Monday, August 2, 2010

Dopey Defaults

Most software these days is configurable, and so comes with default settings. Occasionally even the best crafted software has one or more defaults that just leave me shaking my head.

I'm in the process of upgrading my laptop from Linux Mint Helena to Mint Isadora, having previously upgraded my office machine.  I held off on the laptop for a while, partly because I was using hit heavily and partly because I wanted to make sure the office PC didn't suddenly turn into a doorstop, but I decided that today was the day to upgrade the laptop. So I did (well, I'm technically I'm still doing it) ... and suddenly minimized windows started disappearing.  Normally they turn into buttons in the task bar (much like Windows, pardon my language), but post-upgrade they just vanished.  Googling around, I discovered I was not the first person to notice this, and one of the answers I found involved deleting all hidden files in my home partition (left over from Helena) and rebooting. I was a bit disinclined to try that, partly because I did the office and laptop upgrades the same way (overwrote the system partition but kept my home partition intact), and the office PC didn't seem to have the same problem. But I was on the verge of doing the dirty deed when I found a posted response that solved the problem easily.

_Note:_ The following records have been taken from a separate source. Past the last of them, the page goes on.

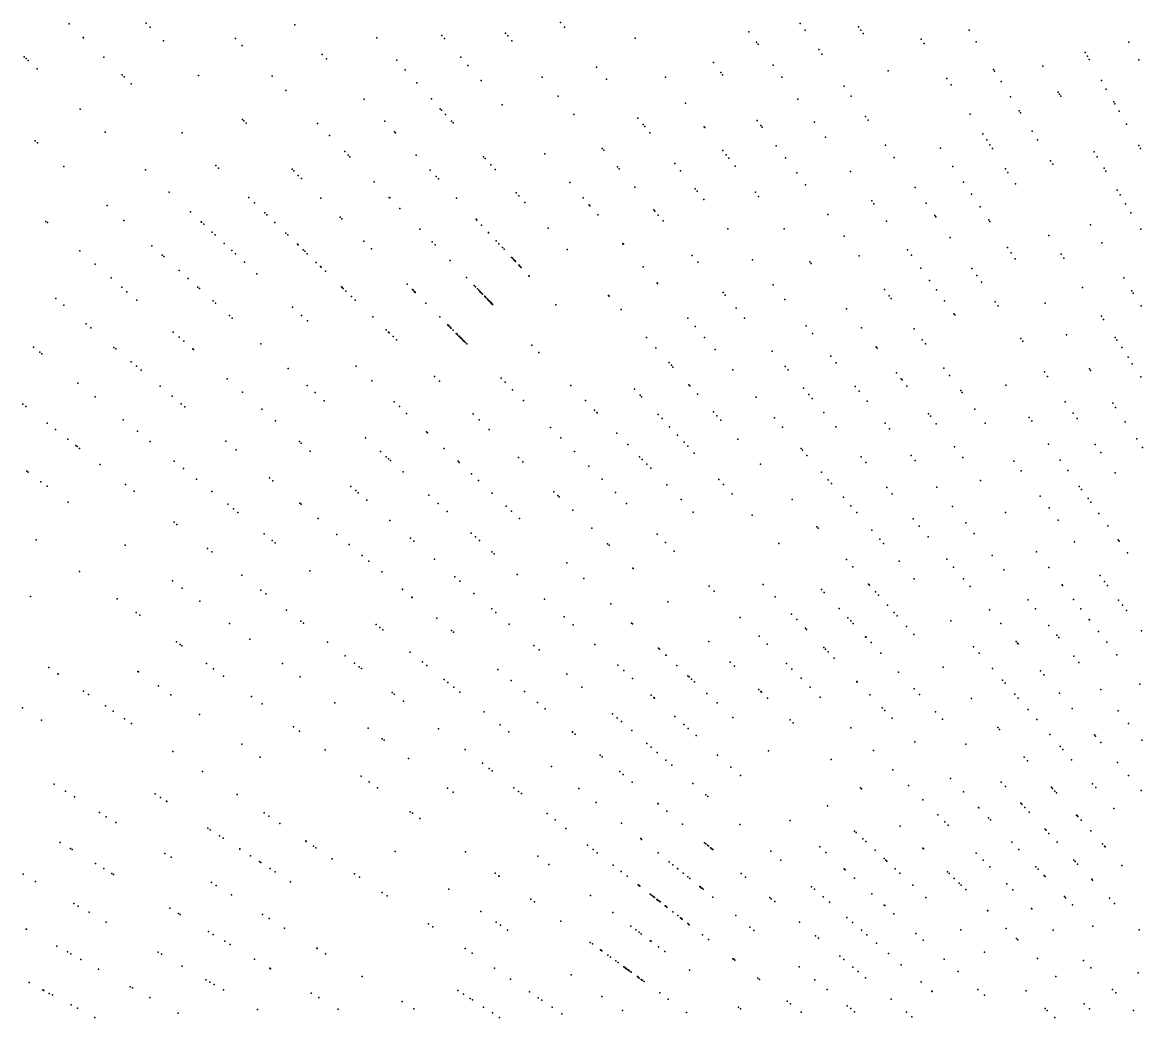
# Model space of a CAD drawing. Header units: metres. Extents: x -4327 to 4266, y -3886 to 3992.
# Drawn here: x -1104 to -568, y 569 to 1045 of the extents above; entities that cross this region are included whole.
import ezdxf

# ---------------------------------------------------------------- set-up
doc = ezdxf.new("R2010")
doc.units = ezdxf.units.M

msp = doc.modelspace()

# ---------------------------------------------------------------- linework, layer by layer
for p in [(-1081.64, 1044.53, 2529), (-1044.8, 1044.8, 2469.75), (-1042.92, 1042.92, 2511.72), (-973.61, 1044.07, 2524.86), (-846.41, 1045.23, 2504.74), (-844.53, 1042.91, 2512.3), (-756.18, 1040.79, 2492.86), (-731.56, 1044.78, 2448.47), (-729.22, 1041.43, 2463.54), (-703.62, 1043.16, 2457.89), (-702.55, 1041.57, 2457.47), (-650.76, 1041.43, 2488.49), (-1074.94, 1038.06, 2503.99), (-1074.72, 1037.84, 2478.82), (-1036.45, 1036.45, 2474.46), (-1001.99, 1037.59, 2478.01), (-934.4, 1037.76, 2488.74), (-903.12, 1038.92, 2478.64), (-901.9, 1037.52, 2513.92), (-872.79, 1040.15, 2492.67), (-871.67, 1038.81, 2473.4), (-869.71, 1036.48, 2513.18), (-810.68, 1037.63, 2484.65), (-752.56, 1035.81, 2461.14), (-701.41, 1039.88, 2480.1), (-673.6, 1037.25, 2462.07), (-647.29, 1035.89, 2488.92), (-574.16, 1035.82, 2484.69), (-998.75, 1034.24, 2482.45), (-960.43, 1029.93, 2474.89), (-751.78, 1034.74, 2498.4), (-722.75, 1032.19, 2481.39), (-721.2, 1029.97, 2482.76), (-672.26, 1035.19, 2490.95), (-595.16, 1030.85, 2479.87), (-1103.25, 1028.79, 2521.46), (-1102.24, 1027.86, 2460.92), (-1101.26, 1026.94, 2461.74), (-1065.09, 1028.54, 2468.78), (-958.38, 1027.74, 2463.36), (-924.82, 1027.11, 2495.01), (-894.15, 1028.6, 2505.27), (-890.72, 1024.66, 2469.94), (-773.16, 1026.02, 2469.57), (-744.58, 1024.82, 2497.91), (-594.1, 1029.02, 2478.94), (-593.24, 1027.53, 2458.13), (-569.44, 1027.29, 2474.65), (-1097.05, 1023.01, 2464.38), (-1056.29, 1020.05, 2497.56), (-1019.74, 1019.74, 2486.86), (-984.45, 1019.43, 2465.47), (-920.71, 1022.55, 2477.55), (-829.08, 1023.83, 2482.6), (-769.59, 1021.29, 2454.9), (-768.77, 1020.19, 2495.28), (-689.4, 1022.08, 2467.67), (-639.01, 1022.63, 2480.97), (-638.58, 1021.93, 2462.18), (-615.45, 1024.29, 2475.69), (-1055.36, 1019.15, 2492.23), (-1051.96, 1015.87, 2509.19), (-915.14, 1016.36, 2500.98), (-884.36, 1017.34, 2494.02), (-855.1, 1019.07, 2477.43), (-824.4, 1018.05, 2488.23), (-796.11, 1018.97, 2462.65), (-740.38, 1019.04, 2473.78), (-710.48, 1014.67, 2465.87), (-661.32, 1018.34, 2474.1), (-659.35, 1015.31, 2476.99), (-635.42, 1016.89, 2484.25), (-587.39, 1017.39, 2485.61), (-977.92, 1012.66, 2455.3), (-940.44, 1008.49, 2470.17), (-908.21, 1008.67, 2485.27), (-847.42, 1009.92, 2484.37), (-732.72, 1008.51, 2451.51), (-707.14, 1009.9, 2457.6), (-630.85, 1009.56, 2449.27), (-608, 1011.88, 2466.29), (-607.41, 1010.89, 2491.75), (-606.82, 1009.91, 2492.85), (-585.02, 1013.29, 2451.33), (-1076.37, 1003.73, 2493.86), (-903.92, 1003.91, 2496.15), (-903.28, 1003.2, 2513.99), (-874.31, 1005.77, 2481.83), (-786.46, 1006.62, 2502.02), (-581.47, 1007.13, 2471.02), (-580.98, 1006.29, 2451.57), (-998.71, 998.71, 2466.48), (-998.04, 998.04, 2502.68), (-930.56, 997.9, 2508.13), (-901.47, 1001.18, 2495.86), (-898.49, 997.88, 2490.87), (-840, 1001.07, 2459.37), (-809.27, 999.37, 2452.29), (-752.28, 998.3, 2464.91), (-700.35, 1000.2, 2491.38), (-699.1, 998.42, 2493.83), (-650.2, 1001.22, 2459.59), (-626.7, 1002.93, 2443.34), (-626.07, 1001.93, 2492.69), (-578.92, 1002.71, 2439.42), (-1064.43, 992.59, 2509.78), (-996.92, 996.92, 2496.68), (-962.66, 996.87, 2495.25), (-925.81, 992.81, 2511.62), (-925.4, 992.38, 2510.52), (-897.75, 997.05, 2515.02), (-806.83, 996.35, 2464.47), (-806.03, 995.37, 2488.49), (-803.62, 992.39, 2501.13), (-777.59, 995.27, 2487.19), (-777.24, 994.82, 2496.17), (-750.38, 995.79, 2485.54), (-749.77, 994.98, 2486.89), (-724.72, 997.49, 2457.83), (-620.53, 993.06, 2446.44), (-575.33, 996.5, 2458.83), (-1097.9, 988.56, 2472.49), (-1096.75, 987.52, 2491.45), (-1027.56, 992.3, 2478.87), (-956.99, 990.99, 2509.47), (-719.49, 990.29, 2490.72), (-644.17, 991.93, 2464.1), (-642.3, 989.05, 2470.73), (-617.97, 988.97, 2470.88), (-949.65, 983.39, 2506.42), (-947.99, 981.68, 2492.34), (-915.46, 981.71, 2512.96), (-853.82, 982.2, 2455.71), (-826.38, 984.84, 2481.21), (-825.65, 983.98, 2452.77), (-768.69, 983.88, 2468.73), (-767.04, 981.77, 2500.56), (-743.13, 986.17, 2498.8), (-690.75, 986.5, 2481.18), (-664.35, 984.93, 2482.07), (-640.73, 986.64, 2444.11), (-639.57, 984.85, 2470.63), (-590.78, 983.22, 2451.13), (-569.43, 986.28, 2447.51), (-568.58, 984.81, 2482.71), (-1011.4, 976.7, 2467.82), (-947.25, 980.91, 2506.59), (-883.18, 980.87, 2474.21), (-882.43, 980.04, 2475.37), (-879.68, 976.98, 2480.67), (-791.64, 977.59, 2487.24), (-765.79, 980.17, 2469.43), (-762.81, 976.35, 2476.61), (-738.7, 980.29, 2473.71), (-686.59, 980.55, 2479.97), (-658.5, 976.26, 2467.12), (-611.69, 978.91, 2452.7), (-610.69, 977.31, 2459.11), (-589.32, 980.8, 2448.59), (-1084.18, 976.2, 2509.49), (-1045.13, 974.6, 2495.55), (-1010.09, 975.43, 2492.99), (-974.87, 974.87, 2476.04), (-974.1, 974.1, 2512.64), (-971.96, 971.96, 2462.32), (-908.76, 974.52, 2484.76), (-905.9, 971.46, 2486.72), (-877.64, 974.72, 2491.33), (-819.07, 976.13, 2472.45), (-818.26, 975.17, 2496.7), (-788.86, 974.16, 2468.46), (-733.28, 973.1, 2455.57), (-707.46, 973.74, 2472.89), (-633.25, 975.13, 2446.24), (-632.12, 973.38, 2445.29), (-586.11, 975.45, 2480.95), (-585.25, 974.03, 2480.89), (-970.43, 970.43, 2512.91), (-935.55, 968.79, 2485.3), (-904.82, 970.3, 2487), (-841.89, 968.49, 2483.28), (-810.78, 966.25, 2463.9), (-781.91, 965.58, 2456.68), (-729.03, 967.45, 2478.56), (-676.51, 966.16, 2467.61), (-653.44, 968.76, 2468.93), (-628.54, 967.87, 2448.67), (-1033.71, 963.95, 2502.99), (-995.6, 961.44, 2482.5), (-961.11, 961.11, 2518.08), (-928.35, 961.33, 2508.47), (-928.17, 961.15, 2485.07), (-896.16, 961.02, 2492.6), (-867.67, 963.64, 2463.01), (-866.38, 962.21, 2462.61), (-835.6, 961.25, 2498.04), (-780.89, 964.32, 2493.86), (-777.75, 960.45, 2477.07), (-753.04, 963.84, 2481.98), (-751.52, 961.91, 2480.4), (-649.49, 962.9, 2460.93), (-579.79, 964.93, 2482.71), (-578.46, 962.72, 2477.02), (-1063.53, 957.61, 2489.74), (-992.87, 958.8, -3.39), (-923.32, 956.12, 2472.08), (-863.4, 958.91, 2467.2), (-832.7, 957.91, 2492.71), (-832.29, 957.43, 2515.18), (-801.72, 955.46, 2452.85), (-801.18, 954.8, 2488), (-697.33, 959.79, 2482.04), (-696.31, 958.39, 2454.3), (-671.28, 958.68, 2434.83), (-645.38, 956.82, 2476.8), (-575.81, 958.31, 2487.29), (-1092.76, 949.92, 2503.15), (-1055.53, 950.4, 2505.68), (-1023.62, 954.54, 2494.41), (-1018.37, 949.65, 2497.56), (-1018.33, 949.61, 2462.62), (-987.93, 954.03, 2495.27), (-987, 953.13, 2509.09), (-951.96, 951.96, 2500.63), (-951.16, 951.16, 2479.07), (-886.78, 950.96, 2460), (-886.42, 950.57, 2462.26), (-828.45, 953.02, 2476.65), (-799.6, 952.93, 2466.29), (-797.24, 950.12, 2492.74), (-718.35, 953.28, 2466.06), (-690.22, 950.01, 2488.06), (-667.17, 952.82, 2464.55), (-666.69, 952.13, 2487.32), (-641.25, 950.69, 2478.58), (-640.72, 949.91, 2476.54), (-573.24, 954.04, 2451.14), (-1092.07, 949.32, 2479.68), (-1017.2, 948.55, 2497.89), (-1013.21, 944.83, 2500.92), (-983.15, 949.42, 5.59), (-977.82, 944.27, -33.74), (-913.71, 946.18, 2498.4), (-884.2, 948.18, 2456.07), (-880.87, 944.62, 2492.75), (-880.78, 944.52, 2489.16), (-852.32, 946.6, 2458.35), (-766.29, 946.29, 2481.06), (-739.33, 946.3, 2467.27), (-592.54, 948.27, 2469.66), (-568.54, 946.21, 2484.83), (-1011.69, 943.42, 2481.19), (-1007.39, 939.41, 2480.17), (-977, 943.48, 12.96), (-972.35, 938.99, 2497.69), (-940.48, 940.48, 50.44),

The Mint (and Ubuntu) task bar (more properly known as the panel, or Gnome panel, assuming that you are using the Gnome desktop) is configurable. You can right click in an open area in it, click Add to Panel ..., and select various applets to display there.  Two of them are Window List and Window Selector. The former is what displays a button for each window. (The latter displays a button that, when clicked, gives a list of windows, from which you can select the one you want to restore.) The dopey thing (to me) is that neither of these is enabled by default.

Now Mint (and Ubuntu) also have a window selection method similar to "Cool Switch" (alt-tab) in Windows, and in fact the default key combo is alt-tab. So if (a) you realize Mint has this and (b) you know the key combination, you can cycle through those invisible (but still open) windows. In fact, if you go to the CompizConfig Settings Manager in the Control Center, you can find some even slicker ways to cycle through windows. (I'm playing with the ring arrangement right now.) Who knows, if I get sufficiently accustomed to tabbing through windows, maybe I'll drop the Window List from the panel -- although I doubt it, as I like to have a visual reminder of which programs are running. But I just can't get past the idea of a default configuration that makes running programs disappear from sight.